【前回の記事を読む】日本最古の地誌『風土記』にも記述されていた!? 国造にまつわる「甕神信仰」の多氏を追う

1.多氏は何ものか

この(継体天皇の:筆者注)御世に、筑紫つくしの君石井いはゐ、天皇のみことに從はずして、まねゐや無かりき。故、物部荒甲もののべのあらかひ大連おほむらじ、大伴の金村かなむらの連二人を遣はして、石井いはゐを殺したまひき。「磐井の乱(527〜528年)」として有名なこの戦いは、子がなかった武烈天皇の崩御後、越前の継体が、正式な皇位継承者となった直後に勃発したものである。

古代共和制のもとにあったヤマトでは、天皇を選ぶのは大和盆地の大豪族たちであった。彼らの選択は、最終的には継体支持であった。候補者の継体は、応神天皇の五世孫という皇位継承資格であった。

一方の磐井は、竺紫君=多氏(神武天皇次男)の裔孫であったと思われる。大豪族のうち、大伴氏、物部氏そして許勢氏が継体を支持した。しかし磐井の支持者は、『記紀』に記録がない。それまでの天皇家との閨閥上では、葛城氏が継体即位に反対していたのであろうが、磐井支持であったかどうかは分からない。

継体の大和入部は、彼の「二十年」である。皇位継承を承諾してから19年もの長いあいだ、政権中枢の大和に入らなかったのには、理由があった。つまり継体新天皇に難を示す、葛城氏などの意向を反映したものである。

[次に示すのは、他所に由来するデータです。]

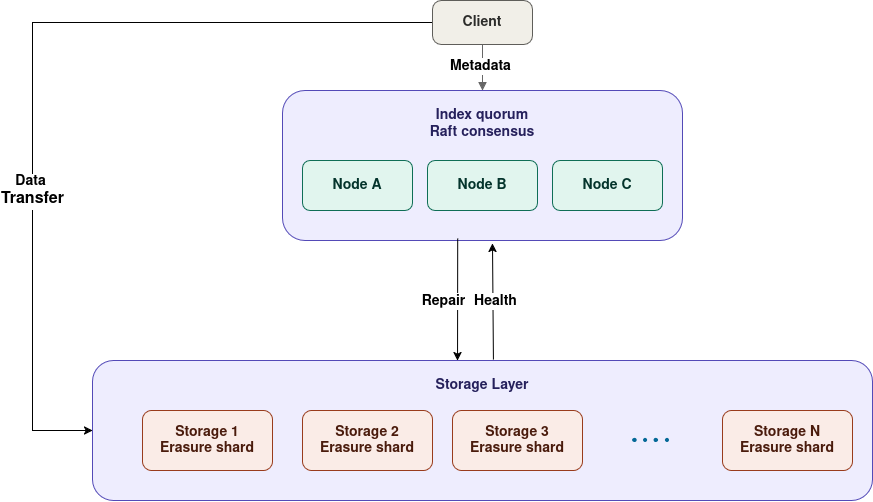

The diagram above was exported from draw.io. Its source (the exported page's mxGraphModel, read from the mxfile embedded in the PNG):
<mxGraphModel dx="3784" dy="1155" grid="1" gridSize="10" guides="1" tooltips="1" connect="1" arrows="1" fold="1" page="1" pageScale="1" pageWidth="850" pageHeight="650" math="0" shadow="0">
  <root>
    <mxCell id="0" />
    <mxCell id="1" parent="0" />
    <mxCell id="16DSk7geUqynXnlRCsLD-1" parent="1" style="rounded=1;arcSize=15;whiteSpace=wrap;html=1;verticalAlign=top;fillColor=#EEEDFE;strokeColor=#534AB7;fontColor=#26215C;fontSize=14;fontStyle=1;spacingTop=10;" value="Storage Layer" vertex="1">
      <mxGeometry height="140" width="780" x="-320" y="400" as="geometry" />
    </mxCell>
    <mxCell id="16DSk7geUqynXnlRCsLD-2" edge="1" parent="1" source="client" style="edgeStyle=orthogonalEdgeStyle;rounded=0;orthogonalLoop=1;jettySize=auto;html=1;exitX=0;exitY=0.5;exitDx=0;exitDy=0;entryX=0;entryY=0.5;entryDx=0;entryDy=0;" target="16DSk7geUqynXnlRCsLD-1">
      <mxGeometry relative="1" as="geometry">
        <Array as="points">
          <mxPoint x="-380" y="62" />
          <mxPoint x="-380" y="470" />
        </Array>
        <mxPoint x="-230" y="40" as="sourcePoint" />
        <mxPoint x="-400" y="460" as="targetPoint" />
      </mxGeometry>
    </mxCell>
    <mxCell id="16DSk7geUqynXnlRCsLD-3" connectable="0" parent="16DSk7geUqynXnlRCsLD-2" style="edgeLabel;html=1;align=center;verticalAlign=middle;resizable=0;points=[];" value="&lt;div&gt;&lt;font style=&quot;font-size: 14px;&quot;&gt;&lt;b&gt;Data&amp;nbsp;&lt;/b&gt;&lt;/font&gt;&lt;/div&gt;&lt;div&gt;&lt;font size=&quot;3&quot;&gt;&lt;b&gt;Transfer&lt;/b&gt;&lt;/font&gt;&lt;/div&gt;" vertex="1">
      <mxGeometry relative="1" x="0.2627" y="-1" as="geometry">
        <mxPoint y="20" as="offset" />
      </mxGeometry>
    </mxCell>
    <mxCell id="client" parent="1" style="rounded=1;arcSize=20;whiteSpace=wrap;html=1;fillColor=#F1EFE8;strokeColor=#5F5E5A;fontColor=#2C2C2A;fontSize=14;fontStyle=1;" value="Client" vertex="1">
      <mxGeometry height="44" width="100" x="20" y="40" as="geometry" />
    </mxCell>
    <mxCell id="edge1" edge="1" parent="1" source="client" style="edgeStyle=orthogonalEdgeStyle;rounded=0;html=1;endArrow=block;strokeColor=#666666;" target="quorum">
      <mxGeometry relative="1" as="geometry" />
    </mxCell>
    <mxCell id="16DSk7geUqynXnlRCsLD-4" connectable="0" parent="edge1" style="edgeLabel;html=1;align=center;verticalAlign=middle;resizable=0;points=[];" value="&lt;font style=&quot;font-size: 14px;&quot;&gt;&lt;b&gt;Metadata&lt;/b&gt;&lt;/font&gt;" vertex="1">
      <mxGeometry relative="1" x="-0.087" y="-3" as="geometry">
        <mxPoint as="offset" />
      </mxGeometry>
    </mxCell>
    <mxCell id="quorum" parent="1" style="rounded=1;arcSize=15;whiteSpace=wrap;html=1;verticalAlign=top;fillColor=#EEEDFE;strokeColor=#534AB7;fontColor=#26215C;fontSize=14;fontStyle=1;spacingTop=10;" value="Index quorum&#10;Raft consensus" vertex="1">
      <mxGeometry height="150" width="400" x="-130" y="130" as="geometry" />
    </mxCell>
    <mxCell id="nodeA" parent="1" style="rounded=1;arcSize=15;whiteSpace=wrap;html=1;fillColor=#E1F5EE;strokeColor=#0F6E56;fontColor=#04342C;fontSize=14;fontStyle=1;" value="Node A" vertex="1">
      <mxGeometry height="50" width="110" x="-110" y="200" as="geometry" />
    </mxCell>
    <mxCell id="nodeB" parent="1" style="rounded=1;arcSize=15;whiteSpace=wrap;html=1;fillColor=#E1F5EE;strokeColor=#0F6E56;fontColor=#04342C;fontSize=14;fontStyle=1;" value="Node B" vertex="1">
      <mxGeometry height="50" width="110" x="15" y="200" as="geometry" />
    </mxCell>
    <mxCell id="nodeC" parent="1" style="rounded=1;arcSize=15;whiteSpace=wrap;html=1;fillColor=#E1F5EE;strokeColor=#0F6E56;fontColor=#04342C;fontSize=14;fontStyle=1;" value="Node C" vertex="1">
      <mxGeometry height="50" width="110" x="140" y="200" as="geometry" />
    </mxCell>
    <mxCell id="storage2" parent="1" style="rounded=1;arcSize=15;whiteSpace=wrap;html=1;fillColor=#FAECE7;strokeColor=#993C1D;fontColor=#4A1B0C;fontSize=14;fontStyle=1;" value="Storage 2&#10;Erasure shard" vertex="1">
      <mxGeometry height="60" width="130" x="-110" y="450" as="geometry" />
    </mxCell>
    <mxCell id="storage3" parent="1" style="rounded=1;arcSize=15;whiteSpace=wrap;html=1;fillColor=#FAECE7;strokeColor=#993C1D;fontColor=#4A1B0C;fontSize=14;fontStyle=1;" value="Storage 3&#10;Erasure shard" vertex="1">
      <mxGeometry height="60" width="130" x="40" y="450" as="geometry" />
    </mxCell>
    <mxCell id="storage4" parent="1" style="rounded=1;arcSize=15;whiteSpace=wrap;html=1;fillColor=#FAECE7;strokeColor=#993C1D;fontColor=#4A1B0C;fontSize=14;fontStyle=1;" value="Storage N&lt;br&gt;Erasure shard" vertex="1">
      <mxGeometry height="60" width="130" x="310" y="450" as="geometry" />
    </mxCell>
    <mxCell id="storage1" parent="1" style="rounded=1;arcSize=15;whiteSpace=wrap;html=1;fillColor=#FAECE7;strokeColor=#993C1D;fontColor=#4A1B0C;fontSize=14;fontStyle=1;" value="Storage 1&#10;Erasure shard" vertex="1">
      <mxGeometry height="60" width="130" x="-270" y="450" as="geometry" />
    </mxCell>
    <mxCell id="16DSk7geUqynXnlRCsLD-5" parent="1" style="sketch=0;html=1;pointerEvents=1;dashed=0;fillColor=#036897;strokeColor=#ffffff;strokeWidth=2;verticalLabelPosition=bottom;verticalAlign=top;align=center;outlineConnect=0;shape=mxgraph.cisco.misc.dot-dot;" value="" vertex="1">
      <mxGeometry height="8" width="37" x="220" y="476" as="geometry" />
    </mxCell>
    <mxCell id="16DSk7geUqynXnlRCsLD-10" edge="1" parent="1" source="quorum" style="endArrow=classic;html=1;rounded=0;exitX=0.438;exitY=0.987;exitDx=0;exitDy=0;exitPerimeter=0;entryX=0.468;entryY=0;entryDx=0;entryDy=0;entryPerimeter=0;" target="16DSk7geUqynXnlRCsLD-1" value="">
      <mxGeometry height="50" relative="1" width="50" as="geometry">
        <mxPoint x="350" y="440" as="sourcePoint" />
        <mxPoint x="400" y="390" as="targetPoint" />
      </mxGeometry>
    </mxCell>
    <mxCell id="16DSk7geUqynXnlRCsLD-14" connectable="0" parent="16DSk7geUqynXnlRCsLD-10" style="edgeLabel;html=1;align=center;verticalAlign=middle;resizable=0;points=[];" value="&lt;font style=&quot;font-size: 14px;&quot;&gt;&lt;b&gt;Repair&lt;/b&gt;&lt;/font&gt;" vertex="1">
      <mxGeometry relative="1" x="-0.0975" y="1" as="geometry">
        <mxPoint x="-16" y="7" as="offset" />
      </mxGeometry>
    </mxCell>
    <mxCell id="16DSk7geUqynXnlRCsLD-11" edge="1" parent="1" source="16DSk7geUqynXnlRCsLD-1" style="endArrow=classic;html=1;rounded=0;exitX=0.514;exitY=-0.007;exitDx=0;exitDy=0;exitPerimeter=0;" value="">
      <mxGeometry height="50" relative="1" width="50" as="geometry">
        <mxPoint x="221" y="432" as="sourcePoint" />
        <mxPoint x="80" y="283" as="targetPoint" />
      </mxGeometry>
    </mxCell>
    <mxCell id="16DSk7geUqynXnlRCsLD-13" connectable="0" parent="16DSk7geUqynXnlRCsLD-11" style="edgeLabel;html=1;align=center;verticalAlign=middle;resizable=0;points=[];" value="&lt;b&gt;&lt;font style=&quot;font-size: 14px;&quot;&gt;Health&lt;/font&gt;&lt;/b&gt;" vertex="1">
      <mxGeometry relative="1" x="-0.2" y="-2" as="geometry">
        <mxPoint y="-13" as="offset" />
      </mxGeometry>
    </mxCell>
  </root>
</mxGraphModel>

大和の「磐余の玉穂の宮に都」するまで、継体の暫定的な宮処は淀川や木津川の近くにあった。瀬戸内海および琵琶湖に通じる淀川水運を利用できる上に、大和から攻められる可能性を考慮して、リスク管理を実施していたのである。

奈良盆地北端にある平城山を盾にして防御態勢をとる一方で、緊急事態が発生すれば、一気に大和へなだれ込む気構えを示して、反対豪族たちの気勢を削ごうとしたのである。多氏に繋がる磐井は、神武の栄光をも背にして、次代後継者の資格は十分であった。だから継体の大和入部の翌年(継体二十一年)、磐井は確信をもって「乱」を起こしたのである。

「オレにも皇位継承の資格がある」ことを宣言するに等しい反乱であった。『日本書紀』継体紀に残る、当時の磐井の心境である。